[Entries taken from a collection]
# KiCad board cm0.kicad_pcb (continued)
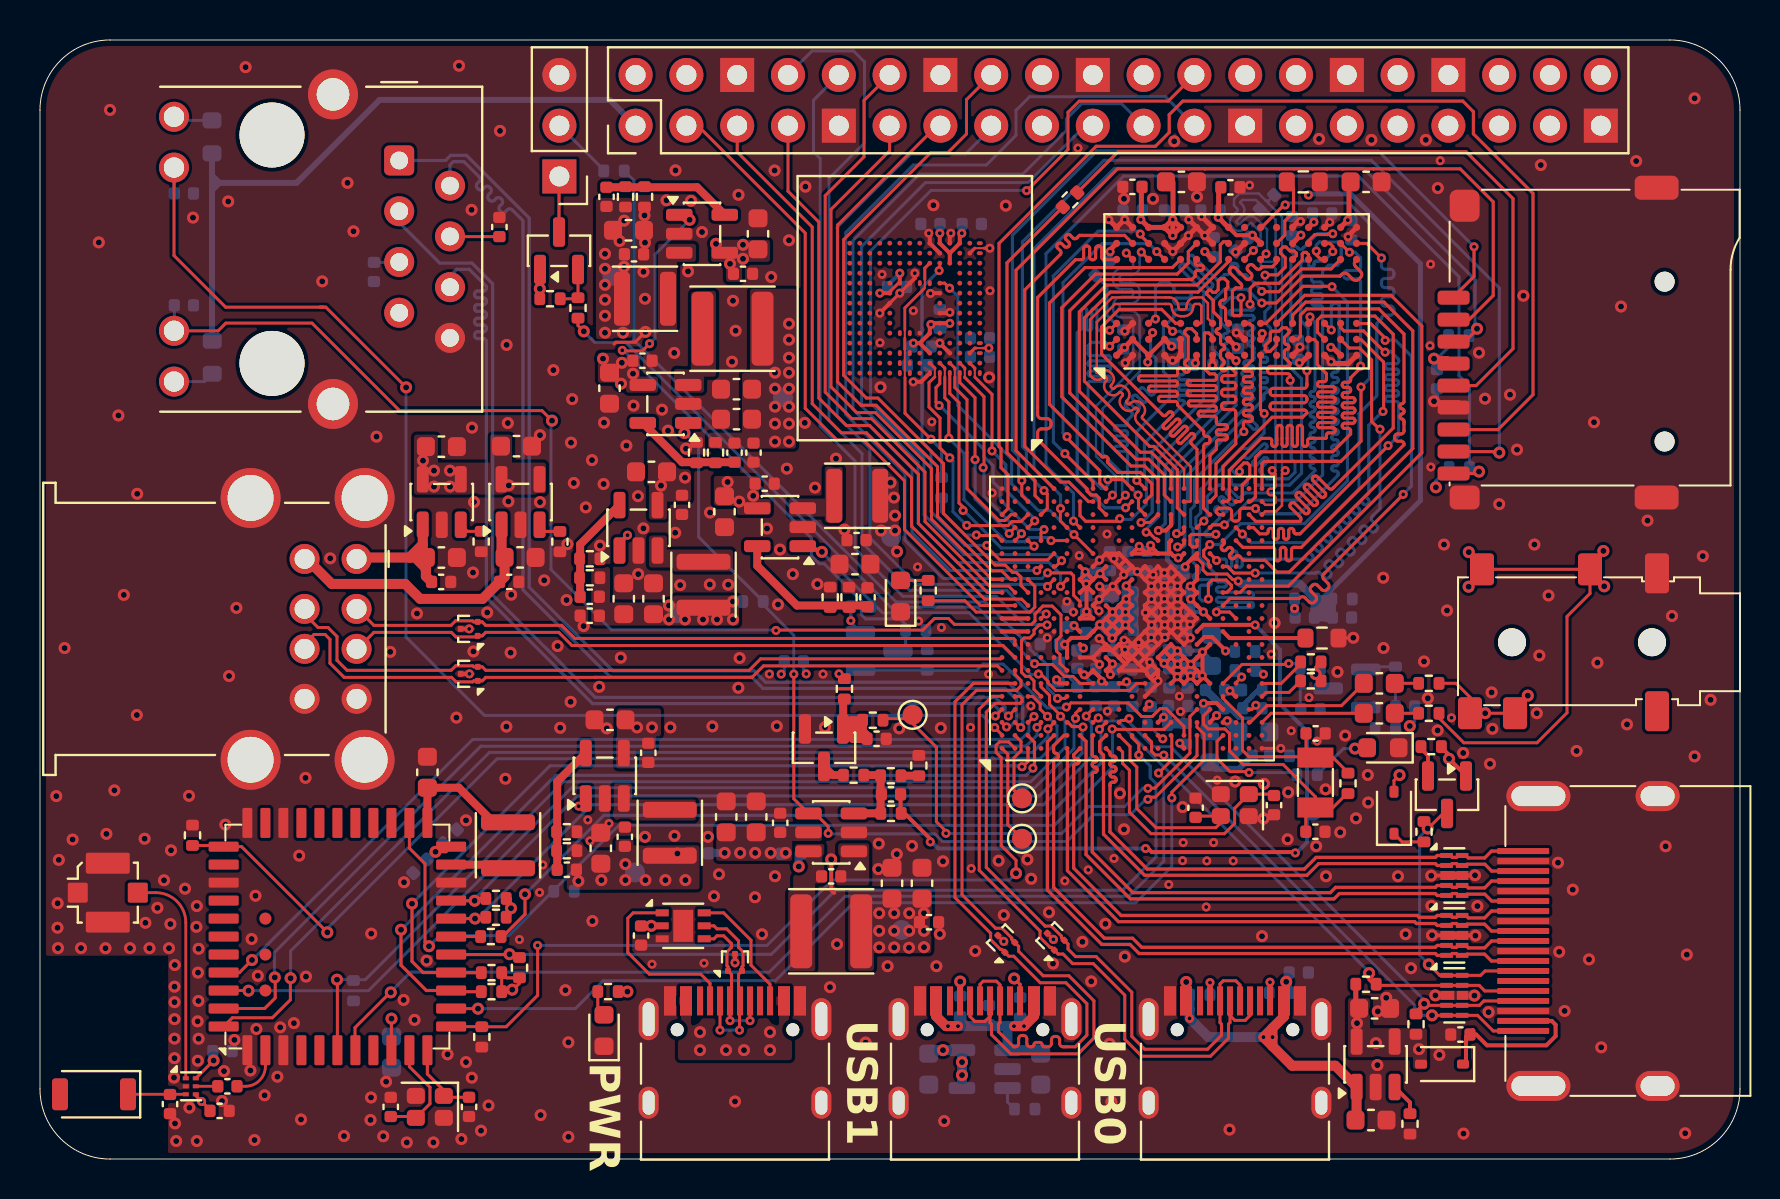
[diagram p0: board, top side]
## Routing (per net, layer and track width the routed paths; a pad name or vN(x,y) marks a point on that pad's centre or on a via; arc(x,y) is an arc through that point) (continued)
/H3/EPHY_SPD_LED: length 60.8
  Top w0.15: J8.11 8.91,41.44 9.29,41.83 13.6,41.83 17.98,37.45 25.1,37.45 v2(25.6,36.95) ; U1.F7 51,24.8 51,25.25 50.83,25.42 50.83,25.95 51.05,26.17 51.05,27.23 50.61,27.67 50.15,27.67 49.99,27.52 49.99,27.51 49.75,27.27 49.75,26.92 49.75,26.92 49.58,26.75 45.72,26.75 45.42,27.05 44.72,27.05 44.14,26.47 36.82,26.47 v1(36.8,26.45)
  Bottom w0.15: J8.11 6.72,41.46 C135.1 ; v2(25.6,36.95) 25.55,36.9 25.55,29.5 28.58,26.47 36.78,26.47 v1(36.8,26.45)
/H3/EPHY_TX+: length 55.3
  Top w0.162: v1(49.04,21.59) 49.01,21.59 U1.B3
  Bottom w0.162: J8.1 20.28,49.97 20.54,50.23 21.32,50.23 24.46,47.09 24.46,28.61 28.64,24.44 35.7,24.44 36.28,23.86 48.39,23.86 49.14,23.11 49.14,22.85 49.13,22.84 49.13,22.5 49.14,22.5 49.14,21.83 49.06,21.75 49.06,21.62 v1(49.04,21.59)
/H3/EPHY_TX-: length 55.3
  Top w0.162: U1.A3 v1(48.33,21.62)
  Bottom w0.162: v1(48.33,21.62) 48.5,21.62 48.83,21.96 48.83,22.98 48.26,23.55 36.15,23.55 35.57,24.12 28.51,24.12 24.15,28.48 24.15,46.96 23.6,47.51 arc(23.49,47.55) 23.38,47.51 23.28,47.41 arc(23.16,47.36) 23.05,47.41 22.99,47.46 arc(22.95,47.58) 22.99,47.69 23.09,47.79 arc(23.14,47.9) 23.09,48.02 23.04,48.07 arc(22.92,48.12) 22.81,48.07 22.71,47.97 arc(22.6,47.93) 22.48,47.97 22.43,48.03 arc(22.38,48.14) 22.43,48.26 22.53,48.36 arc(22.57,48.47) 22.53,48.58 22.47,48.64 arc(22.36,48.69) 22.24,48.64 22.14,48.54 arc(22.03,48.49) 21.92,48.54 21.86,48.6 arc(21.81,48.71) 21.86,48.82 21.96,48.92 arc(22.01,49.04) 21.96,49.15 21.19,49.91 20.66,49.91 20.5,49.75 J8.2
/H3/KEYADC: length 2.3
  Top w0.15: R5.2 62.45,23.35 61.3,23.35 U1.AA5
/H3/PWR_CPUFB: length 37.3
  Top w0.2: v1(44.52,15.87) 44.52,16.02 43.03,17.5 C94.1 ; v1(62.76,15.32) 62.72,15.36 55.59,15.36 55.41,15.54 v1(55.28,15.54) ; U1.T10 57.85,26.4 58.18,26.73 60.75,26.73 v1(60.75,26.73)
  Bottom w0.2: v1(62.76,15.32) 62.8,15.36 62.86,15.36 63.35,15.85 63.35,21.42 62,22.77 62,25.48 60.78,26.7 60.77,26.7 v1(60.75,26.73) ; v1(44.52,15.87) 44.58,15.87 44.91,15.54 v1(55.28,15.54)
/H3/PWR_DRAM: length 20
  Top w0.15: v1(49.92,24.27) 49.98,24.27 50,24.25 50.06,24.25 50.4,23.91 50.4,23.83 50.78,23.45 51.07,23.45 51.07,23.45 54.48,23.45 54.83,23.8 U1.M6
  Top w0.2: 38.26,30.67 U4.1 ; 38.62,30.67 38.91,30.38 v2(39.09,30.38)
  Bottom w0.15: v2(39.09,30.38) 39.13,30.35 39.13,30.33 42.12,27.34 46.46,27.34 49.56,24.24 49.9,24.24 v1(49.92,24.27)
/H3/PWR_IO: length 18.6
  Top w0.15: U1.R2 57.2,21.65 56.31,22.54 56,22.54 55.61,22.14 55.6,22.15 55.08,22.15 54.4,22.82 51.55,22.82 51.43,22.7 51.4,22.7 v1(51.32,22.62)
  Bottom w0.15: Q3.1 44.34,24.47 R36.2 46.84,24.46 47.15,24.77 48.16,24.77 50.36,22.57 51.17,22.57 51.22,22.53 51.22,22.53 v1(51.32,22.62)
/H3/PWR_KEY: length 0.7
  Top w0.2: U1.R1 57.2,20.6 v1(56.99,20.81)
  Bottom w0.2: R13.2 57.25,20.73 57.06,20.73 v1(56.99,20.81)
/H3/PWR_SYSTEM: length 45.2
  Top w0.15: U6.1 32.31,36.74 32.31,36.42 v2(32.22,36.33) ; U1.T2 57.85,20.19 55.77,18.11 55.5,18.11 55.4,18.01 v1(55.4,18) ; v1(39.41,16.3) 39.41,16.64 38.75,17.29 U7.4 37.69,18.03 v1(37.69,24.27)
  Bottom w0.15: v1(39.41,16.3) 39.44,16.27 44.75,16.27 45.13,15.89 51.34,15.89 52.68,17.23 54.52,17.23 55.29,18 v1(55.4,18) ; v1(37.69,24.27) 37.69,26.21 36.16,27.74 R19.2 32.93,31.13 32.93,35.65 32.25,36.33 v2(32.22,36.33)
/H3/PWR_VSET: length 24
  Top w0.15: R33.2 42.23,22.04 43.39,22.04 44.82,20.61 44.82,16.88 45.3,16.4 v1(45.3,16.3) ; U1.T4 57.5,22.15 57.5,20.32 55.74,18.56 55.41,18.56 v1(55.4,18.55)
  Bottom w0.15: v1(55.4,18.55) 55.39,18.56 55.15,18.56 54.23,17.64 52.43,17.64 51.08,16.29 45.31,16.29 v1(45.3,16.3)
/H3/RECOVERY: length 1.4
  Top w0.15: U1.N2 56.07,21.03 v1(56.14,21.03)
  Bottom w0.15: v1(56.14,21.03) 56.11,21.03 55.41,21.73 R3.2
/H3/RESET: length 7.8
  Top w0.15: U1.V6 60.1,24.75 62.39,24.75 v1(62.44,24.8)
  Bottom w0.15: 63.01,23.59 63.01,22.55 C32.2 ; 63.01,23.59 R8.2 62.79,24.8 v1(62.44,24.8) ; 63.01,23.59 63.05,23.55 Q1.3
/H3/SD_CLK: length 16.6
  Top w0.157: R53.1 48.35,44.85 48.35,35.35 49.75,33.95 49.75,33.2 U1.D20
/H3/SD_CMD: length 45.2
  Top w0.15: U1.F18 51.02,31.93 51.02,32.55 v1(51.03,32.55)
  Top w0.157: v2(71.85,41.55) 71.85,41.51 71.25,40.9 J6.3
  Bottom w0.157: v1(51.03,32.55) 51.03,33.22 49.7,34.55 49.7,45.55 53.72,49.57 66.18,49.57 71.75,44 71.75,41.65 v2(71.85,41.55)
  Bottom w0.2: v2(71.85,41.55) 71.85,41.51 71.55,41.2 R51.2
/H3/SD_D0: length 61.4
  Top w0.157: U1.A19 48.4,32.55 48.4,34.25 48.05,34.6 48.05,35.56 47.95,35.66 47.95,45.82 52.81,50.68 55.77,50.68 56.46,51.37 56.46,52.26 57.14,52.94 71.14,52.94 71.67,52.41 71.67,51.3 74.65,48.32 74.65,38.25 72.9,36.5 70.69,36.5 70.68,36.5
/H3/SD_D1: length 53
  Top w0.15: v1(50.2,33.45) 50.37,33.28 50.37,32.56 U1.D19
  Top w0.157: v2(72.97,35.35) 72.71,35.35 72.66,35.4 70.69,35.4 J6.8
  Bottom w0.157: v2(72.97,35.35) 72.97,43.58 66.57,49.98 53.2,49.98 49.12,45.9 49.12,35.65 49.32,35.45 49.32,34.33 v1(50.2,33.45)
/H3/SD_D2: length 43.4
  Top w0.15: v1(49.09,33.95) 49.09,33.21 U1.C20
  Top w0.157: J6.1 70.68,43.14 71.7,44.16 71.7,45.64 71.7,45.64 v1(71.7,45.65)
  Bottom w0.157: v1(71.7,45.65) 66.9,50.45 52.84,50.45 48.62,46.23 48.62,35.48 48.93,35.17 48.93,34.11 v1(49.09,33.95)
/H3/SD_D3: length 45.6
  Top w0.15: 50.7,33.53 U1.E21
  Top w0.157: 70.68,42 71.46,42 72.66,43.21 72.66,47.9 71.01,49.55 67.48,49.55 67.48,49.55 66.68,49.55 66.68,49.55 65.93,49.55 65.93,49.55 65.13,49.55 65.13,49.55 64.35,49.55 64.35,49.55 63.63,49.55 63.63,49.55 62.7,49.55 62.7,49.55 61.98,49.55 61.98,49.55 58.25,49.55 58.24,49.55 57.45,49.55 57.44,49.55 56.7,49.55 56.69,49.55 55.9,49.55 55.89,49.55 53.88,49.55 48.8,44.47 48.8,35.45 U1.E21
/H3/SD_DET: length 50.4
  Top w0.15: U1.G18 v1(51.68,31.92)
  Top w0.157: v2(71.95,34.4) 71.8,34.4 71.71,34.3 J6.9 70.68,34.34
  Bottom w0.15: v2(71.95,34.4) 71.8,34.4 71.59,34.6 R52.2
  Bottom w0.157: R52.2 71.47,38.67 70.95,39.2 70.95,44.15 65.91,49.19 54.18,49.19 50.3,45.31 50.3,34.7 51.68,33.32 v1(51.68,31.92)
/H3/SDIO_CLK: length 36.4
  Top w0.157: U1.J3 53.3,21.85 52.97,21.52 v1(52.97,21.5) ; R60.1 23.07,11.15 23.15,11.15 24.25,12.25 v2(24.25,13.25)
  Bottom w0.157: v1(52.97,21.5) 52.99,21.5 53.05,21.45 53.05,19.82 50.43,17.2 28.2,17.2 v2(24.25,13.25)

- **YOUR INSTRUCTIONS**
Scan the entries above for the word "continued". Report the lines that hold it.

- **ANSWER**
# KiCad board cm0.kicad_pcb (continued)
## Routing (per net, layer and track width the routed paths; a pad name or vN(x,y) marks a point on that pad's centre or on a via; arc(x,y) is an arc through that point) (continued)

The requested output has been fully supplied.